> **YOUR OBJECTIVE**:
From the line with "#14639 = ORIENTED_EDGE" through the line with "#64751 = DIRECTION", repeat the entries verbatim, both end lines included, and add nothing.

> **GIVEN INFORMATION**:
>>>>>
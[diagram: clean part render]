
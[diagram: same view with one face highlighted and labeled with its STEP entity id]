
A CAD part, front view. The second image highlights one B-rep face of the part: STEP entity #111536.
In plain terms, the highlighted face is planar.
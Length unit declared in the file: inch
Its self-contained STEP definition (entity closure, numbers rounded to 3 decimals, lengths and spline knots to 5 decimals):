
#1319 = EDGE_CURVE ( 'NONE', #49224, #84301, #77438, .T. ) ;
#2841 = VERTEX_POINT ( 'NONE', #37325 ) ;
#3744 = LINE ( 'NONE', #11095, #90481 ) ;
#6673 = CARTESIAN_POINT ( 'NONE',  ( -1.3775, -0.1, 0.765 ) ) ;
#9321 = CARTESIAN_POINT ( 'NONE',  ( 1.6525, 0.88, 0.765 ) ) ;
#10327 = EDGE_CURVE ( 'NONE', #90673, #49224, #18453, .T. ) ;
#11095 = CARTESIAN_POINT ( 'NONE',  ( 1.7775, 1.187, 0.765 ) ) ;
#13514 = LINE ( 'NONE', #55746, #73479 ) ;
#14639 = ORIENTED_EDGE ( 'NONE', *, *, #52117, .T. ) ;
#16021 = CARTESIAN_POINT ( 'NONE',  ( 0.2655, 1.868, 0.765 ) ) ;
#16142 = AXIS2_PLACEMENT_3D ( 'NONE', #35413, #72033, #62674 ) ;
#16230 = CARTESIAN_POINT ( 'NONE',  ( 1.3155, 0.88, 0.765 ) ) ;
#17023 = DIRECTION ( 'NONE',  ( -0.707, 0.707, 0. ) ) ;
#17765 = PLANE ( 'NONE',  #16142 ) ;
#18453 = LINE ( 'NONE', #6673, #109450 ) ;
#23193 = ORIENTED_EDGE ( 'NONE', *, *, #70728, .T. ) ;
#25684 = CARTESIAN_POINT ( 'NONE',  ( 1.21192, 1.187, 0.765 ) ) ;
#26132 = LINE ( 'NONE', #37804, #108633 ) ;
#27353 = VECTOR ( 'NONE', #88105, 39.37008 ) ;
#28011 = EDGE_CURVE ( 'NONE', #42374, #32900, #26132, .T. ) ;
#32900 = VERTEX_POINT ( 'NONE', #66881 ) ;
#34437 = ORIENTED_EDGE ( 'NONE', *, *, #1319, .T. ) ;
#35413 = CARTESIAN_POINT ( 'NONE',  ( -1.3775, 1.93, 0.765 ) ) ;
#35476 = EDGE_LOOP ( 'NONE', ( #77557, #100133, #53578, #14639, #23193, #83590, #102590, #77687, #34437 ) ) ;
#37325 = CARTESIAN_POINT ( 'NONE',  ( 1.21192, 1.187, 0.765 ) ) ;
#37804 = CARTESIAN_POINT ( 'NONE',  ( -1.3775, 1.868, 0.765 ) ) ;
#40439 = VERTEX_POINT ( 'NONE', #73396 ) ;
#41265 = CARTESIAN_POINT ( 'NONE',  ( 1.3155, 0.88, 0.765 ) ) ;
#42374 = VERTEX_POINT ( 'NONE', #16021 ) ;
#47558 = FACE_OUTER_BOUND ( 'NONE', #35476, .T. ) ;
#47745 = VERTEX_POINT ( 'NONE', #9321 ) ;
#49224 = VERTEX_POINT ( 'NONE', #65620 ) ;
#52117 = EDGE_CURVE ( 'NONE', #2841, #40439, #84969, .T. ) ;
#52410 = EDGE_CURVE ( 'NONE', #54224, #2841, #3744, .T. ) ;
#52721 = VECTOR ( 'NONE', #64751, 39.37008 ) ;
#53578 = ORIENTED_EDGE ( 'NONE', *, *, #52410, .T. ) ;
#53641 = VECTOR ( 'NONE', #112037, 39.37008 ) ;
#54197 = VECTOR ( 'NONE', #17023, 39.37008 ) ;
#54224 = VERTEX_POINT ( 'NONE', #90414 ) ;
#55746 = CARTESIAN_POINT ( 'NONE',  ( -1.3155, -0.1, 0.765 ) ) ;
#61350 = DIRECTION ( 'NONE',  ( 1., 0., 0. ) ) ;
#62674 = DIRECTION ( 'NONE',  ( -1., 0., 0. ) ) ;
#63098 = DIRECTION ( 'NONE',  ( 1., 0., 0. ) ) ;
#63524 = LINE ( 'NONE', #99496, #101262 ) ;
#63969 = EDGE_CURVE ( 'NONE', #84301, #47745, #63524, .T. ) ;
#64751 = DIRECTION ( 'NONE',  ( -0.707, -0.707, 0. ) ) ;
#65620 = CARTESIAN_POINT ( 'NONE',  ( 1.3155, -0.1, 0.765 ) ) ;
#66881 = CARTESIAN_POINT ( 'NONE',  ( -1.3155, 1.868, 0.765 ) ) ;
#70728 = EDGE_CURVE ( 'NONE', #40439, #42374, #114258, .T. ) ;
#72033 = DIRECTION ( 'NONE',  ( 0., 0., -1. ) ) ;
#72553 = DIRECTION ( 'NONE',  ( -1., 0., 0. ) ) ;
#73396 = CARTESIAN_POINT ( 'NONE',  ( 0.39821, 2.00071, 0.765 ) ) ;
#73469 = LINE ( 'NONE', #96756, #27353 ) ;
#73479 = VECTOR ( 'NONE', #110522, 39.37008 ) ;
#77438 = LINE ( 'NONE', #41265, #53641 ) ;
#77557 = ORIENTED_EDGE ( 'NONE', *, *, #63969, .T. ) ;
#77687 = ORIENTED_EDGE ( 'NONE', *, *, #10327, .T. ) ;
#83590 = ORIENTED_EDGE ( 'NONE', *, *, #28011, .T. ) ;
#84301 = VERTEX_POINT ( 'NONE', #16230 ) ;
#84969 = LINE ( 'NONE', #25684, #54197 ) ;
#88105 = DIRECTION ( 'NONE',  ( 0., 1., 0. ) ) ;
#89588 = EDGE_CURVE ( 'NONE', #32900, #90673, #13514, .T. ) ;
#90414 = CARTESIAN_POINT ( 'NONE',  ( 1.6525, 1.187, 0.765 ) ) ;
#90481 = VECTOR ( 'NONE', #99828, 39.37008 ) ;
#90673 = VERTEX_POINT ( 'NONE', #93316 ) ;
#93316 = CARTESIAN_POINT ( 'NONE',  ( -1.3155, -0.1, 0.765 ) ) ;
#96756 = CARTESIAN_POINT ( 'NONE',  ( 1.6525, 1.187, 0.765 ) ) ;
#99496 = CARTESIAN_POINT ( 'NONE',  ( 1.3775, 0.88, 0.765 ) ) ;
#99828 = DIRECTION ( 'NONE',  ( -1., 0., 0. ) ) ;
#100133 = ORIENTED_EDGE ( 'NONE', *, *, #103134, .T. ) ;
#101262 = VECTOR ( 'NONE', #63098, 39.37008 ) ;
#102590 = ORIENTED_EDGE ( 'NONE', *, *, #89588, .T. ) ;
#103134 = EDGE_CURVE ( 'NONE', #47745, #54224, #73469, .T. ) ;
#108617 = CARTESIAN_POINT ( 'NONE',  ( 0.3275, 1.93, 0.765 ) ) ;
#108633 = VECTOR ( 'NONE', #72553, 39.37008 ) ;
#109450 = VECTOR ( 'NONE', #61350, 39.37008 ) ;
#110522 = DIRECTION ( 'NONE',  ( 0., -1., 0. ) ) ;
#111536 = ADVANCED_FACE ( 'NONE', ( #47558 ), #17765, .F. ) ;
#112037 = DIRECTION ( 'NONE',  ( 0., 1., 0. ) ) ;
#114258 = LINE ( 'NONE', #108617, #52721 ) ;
<<<<<
> **EXERCISE OUTPUT**:
#14639 = ORIENTED_EDGE ( 'NONE', *, *, #52117, .T. ) ;
#16021 = CARTESIAN_POINT ( 'NONE',  ( 0.2655, 1.868, 0.765 ) ) ;
#16142 = AXIS2_PLACEMENT_3D ( 'NONE', #35413, #72033, #62674 ) ;
#16230 = CARTESIAN_POINT ( 'NONE',  ( 1.3155, 0.88, 0.765 ) ) ;
#17023 = DIRECTION ( 'NONE',  ( -0.707, 0.707, 0. ) ) ;
#17765 = PLANE ( 'NONE',  #16142 ) ;
#18453 = LINE ( 'NONE', #6673, #109450 ) ;
#23193 = ORIENTED_EDGE ( 'NONE', *, *, #70728, .T. ) ;
#25684 = CARTESIAN_POINT ( 'NONE',  ( 1.21192, 1.187, 0.765 ) ) ;
#26132 = LINE ( 'NONE', #37804, #108633 ) ;
#27353 = VECTOR ( 'NONE', #88105, 39.37008 ) ;
#28011 = EDGE_CURVE ( 'NONE', #42374, #32900, #26132, .T. ) ;
#32900 = VERTEX_POINT ( 'NONE', #66881 ) ;
#34437 = ORIENTED_EDGE ( 'NONE', *, *, #1319, .T. ) ;
#35413 = CARTESIAN_POINT ( 'NONE',  ( -1.3775, 1.93, 0.765 ) ) ;
#35476 = EDGE_LOOP ( 'NONE', ( #77557, #100133, #53578, #14639, #23193, #83590, #102590, #77687, #34437 ) ) ;
#37325 = CARTESIAN_POINT ( 'NONE',  ( 1.21192, 1.187, 0.765 ) ) ;
#37804 = CARTESIAN_POINT ( 'NONE',  ( -1.3775, 1.868, 0.765 ) ) ;
#40439 = VERTEX_POINT ( 'NONE', #73396 ) ;
#41265 = CARTESIAN_POINT ( 'NONE',  ( 1.3155, 0.88, 0.765 ) ) ;
#42374 = VERTEX_POINT ( 'NONE', #16021 ) ;
#47558 = FACE_OUTER_BOUND ( 'NONE', #35476, .T. ) ;
#47745 = VERTEX_POINT ( 'NONE', #9321 ) ;
#49224 = VERTEX_POINT ( 'NONE', #65620 ) ;
#52117 = EDGE_CURVE ( 'NONE', #2841, #40439, #84969, .T. ) ;
#52410 = EDGE_CURVE ( 'NONE', #54224, #2841, #3744, .T. ) ;
#52721 = VECTOR ( 'NONE', #64751, 39.37008 ) ;
#53578 = ORIENTED_EDGE ( 'NONE', *, *, #52410, .T. ) ;
#53641 = VECTOR ( 'NONE', #112037, 39.37008 ) ;
#54197 = VECTOR ( 'NONE', #17023, 39.37008 ) ;
#54224 = VERTEX_POINT ( 'NONE', #90414 ) ;
#55746 = CARTESIAN_POINT ( 'NONE',  ( -1.3155, -0.1, 0.765 ) ) ;
#61350 = DIRECTION ( 'NONE',  ( 1., 0., 0. ) ) ;
#62674 = DIRECTION ( 'NONE',  ( -1., 0., 0. ) ) ;
#63098 = DIRECTION ( 'NONE',  ( 1., 0., 0. ) ) ;
#63524 = LINE ( 'NONE', #99496, #101262 ) ;
#63969 = EDGE_CURVE ( 'NONE', #84301, #47745, #63524, .T. ) ;
#64751 = DIRECTION ( 'NONE',  ( -0.707, -0.707, 0. ) ) ;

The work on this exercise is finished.